I can add to this: I do a lap seam at the trailing edge and a butt seam at the leading edge. To make the leading edge legal, and after adding the ribstitch tapes, I glue an 8" wide strip of fabric over the LE butt seam. Then I cover the entire mess with a piece of fabric extending from 1" aft of the leading edge sheet metal on top to the same point on the bottom. All selvage edges must be trimmed off carefully, and I use pinked edges everywhere for appearance.

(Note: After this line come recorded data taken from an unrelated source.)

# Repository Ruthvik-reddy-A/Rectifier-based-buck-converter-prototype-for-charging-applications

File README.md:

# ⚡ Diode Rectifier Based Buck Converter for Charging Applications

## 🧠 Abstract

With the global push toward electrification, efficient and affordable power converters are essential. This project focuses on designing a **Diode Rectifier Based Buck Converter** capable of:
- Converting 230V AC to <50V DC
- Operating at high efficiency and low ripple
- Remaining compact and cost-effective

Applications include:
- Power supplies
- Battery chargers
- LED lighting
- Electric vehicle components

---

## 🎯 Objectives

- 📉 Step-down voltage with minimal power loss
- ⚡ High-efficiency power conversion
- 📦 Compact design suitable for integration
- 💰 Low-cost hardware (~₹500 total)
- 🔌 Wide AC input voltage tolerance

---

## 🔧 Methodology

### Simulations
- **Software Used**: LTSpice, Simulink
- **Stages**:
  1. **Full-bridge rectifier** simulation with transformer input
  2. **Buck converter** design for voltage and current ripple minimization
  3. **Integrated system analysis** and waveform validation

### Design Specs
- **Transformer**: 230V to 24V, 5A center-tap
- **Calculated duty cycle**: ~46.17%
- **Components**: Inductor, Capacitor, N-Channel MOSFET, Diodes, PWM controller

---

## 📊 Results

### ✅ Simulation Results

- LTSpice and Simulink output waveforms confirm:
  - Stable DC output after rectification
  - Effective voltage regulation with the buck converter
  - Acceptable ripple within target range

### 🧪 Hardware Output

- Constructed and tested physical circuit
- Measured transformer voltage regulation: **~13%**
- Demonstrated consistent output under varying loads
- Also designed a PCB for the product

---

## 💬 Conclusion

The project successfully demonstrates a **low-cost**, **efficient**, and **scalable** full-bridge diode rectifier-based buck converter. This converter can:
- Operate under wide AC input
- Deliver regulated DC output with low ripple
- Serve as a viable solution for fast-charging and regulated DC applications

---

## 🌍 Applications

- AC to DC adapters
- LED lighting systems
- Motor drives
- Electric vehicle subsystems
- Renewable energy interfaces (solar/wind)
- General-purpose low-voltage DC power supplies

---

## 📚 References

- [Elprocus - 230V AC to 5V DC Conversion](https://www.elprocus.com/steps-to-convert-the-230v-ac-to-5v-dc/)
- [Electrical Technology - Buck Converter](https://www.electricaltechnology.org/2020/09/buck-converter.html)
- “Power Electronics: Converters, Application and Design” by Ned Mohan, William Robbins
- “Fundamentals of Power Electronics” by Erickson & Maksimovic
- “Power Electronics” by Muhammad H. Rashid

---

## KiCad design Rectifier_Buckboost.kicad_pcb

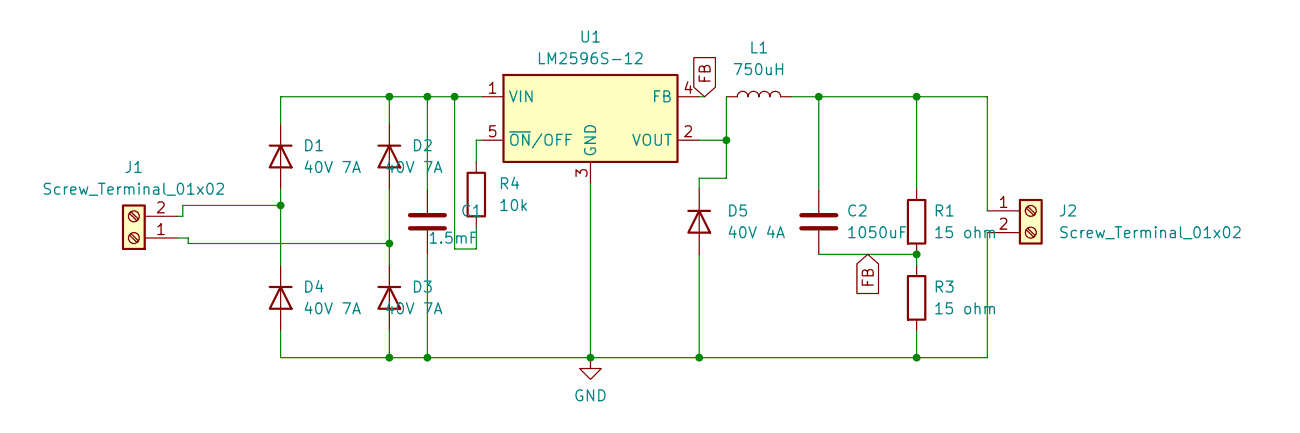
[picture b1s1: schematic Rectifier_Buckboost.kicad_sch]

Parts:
C1: 1.5mF; C_Radial_D12.5mm_H20.0mm_P5.00mm
C2: 1050uF; C_Radial_D10.0mm_H12.5mm_P5.00mm
D1, D2, D3, D4: 40V 7A; D_A-405_P7.62mm_Horizontal
D5: 40V 4A; D_A-405_P7.62mm_Horizontal
J1, J2: Screw_Terminal_01x02; TerminalBlock_Phoenix_MKDS-1,5-2_1x02_P5.00mm_Horizontal
L1: 750uH; L_0201_0603Metric
R1, R3: 15 ohm; R_0201_0603Metric
R4: 10k; R_0201_0603Metric
U1: LM2596S-12; TO-263-5_TabPin3

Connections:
FB: C2.2, R1.2, R3.1, U1.4 (FB)
GND: C1.2, D3.2 (A), D4.2 (A), D5.2 (A), J2.2, R3.2, U1.3 (GND)
unnamed: D1.2 (A), D4.1 (K), J1.2
unnamed: C1.1, D1.1 (K), D2.1 (K), R4.2, U1.1 (VIN)
unnamed: D2.2 (A), D3.1 (K), J1.1
unnamed: D5.1 (K), L1.1, U1.2 (VOUT)
unnamed: C2.1, J2.1, L1.2, R1.1
unnamed: R4.1, U1.5 (~ON/OFF)

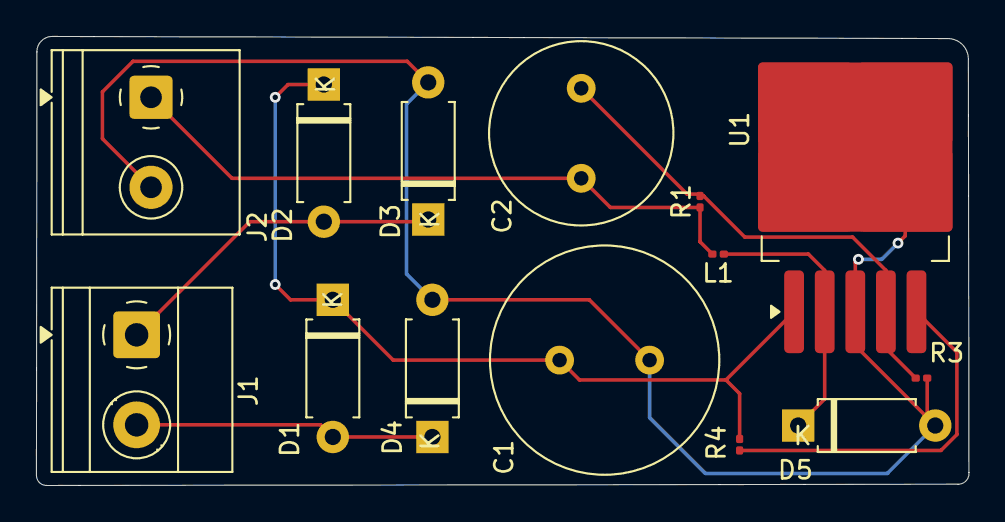
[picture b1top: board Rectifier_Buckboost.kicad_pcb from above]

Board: 2 copper layers, 51.8 x 24.9 mm, 14 parts (0 on the bottom side), 8 nets.

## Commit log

2024-05-16 Update README.md
    In the present-day scenario, we use a lot of chargers and electrical storage devices, as the world is moving more towards electrical side, we need highly efficient power converters and storage devices
    The importance of using diode rectifier buck converter is: High Efficiency
    Compact Size
    Low Cost
    Wide Input Voltage
    Diode rectifier based buck converter is a type of DC-DC converter that uses a diode rectifier and a buck converter to efficiently step down a higher input voltage to a lower outpu
2024-05-16 Rename image.png to Rectifier Buck Converter.png
2024-05-16 Rename Rectifier Buck Converter.png to Rectifier Buck Converter.jpg
2024-05-16 Add files via upload
    5 amps center tapped step down transformer.
2024-05-16 Rename image.png to 5 amps center tapped step down transformer.jpg
2025-06-16 Add KiCad PCB design files for buck converter

I use lapped edges in the fuselage, with a minimum of four pieces. Bottom and top first, then sides and rudder. To save fabric, a sewn seam can be made to join the fuselage side with the rudder piece. Hide it, by gluing a 4" tape over it, then by shrinking the tape to push the sewn area away from the exterior. If you are a scofflaw, just glue it. Not legal, but it willl never pull apart. The way you get around having to have a full two inch overlap on a glued seam backed up by structure is by citing the original Piper technique. They glued fabric to longerons, and that rarely gives a 2" overlap.
Those rib stitches on the fin always pull out for me. The last several I did had safety wire instead of rib stitch cord, and heavy reinforcement around, under, and over the rib stitch tape, and they still pulled out! But then, I love to slip!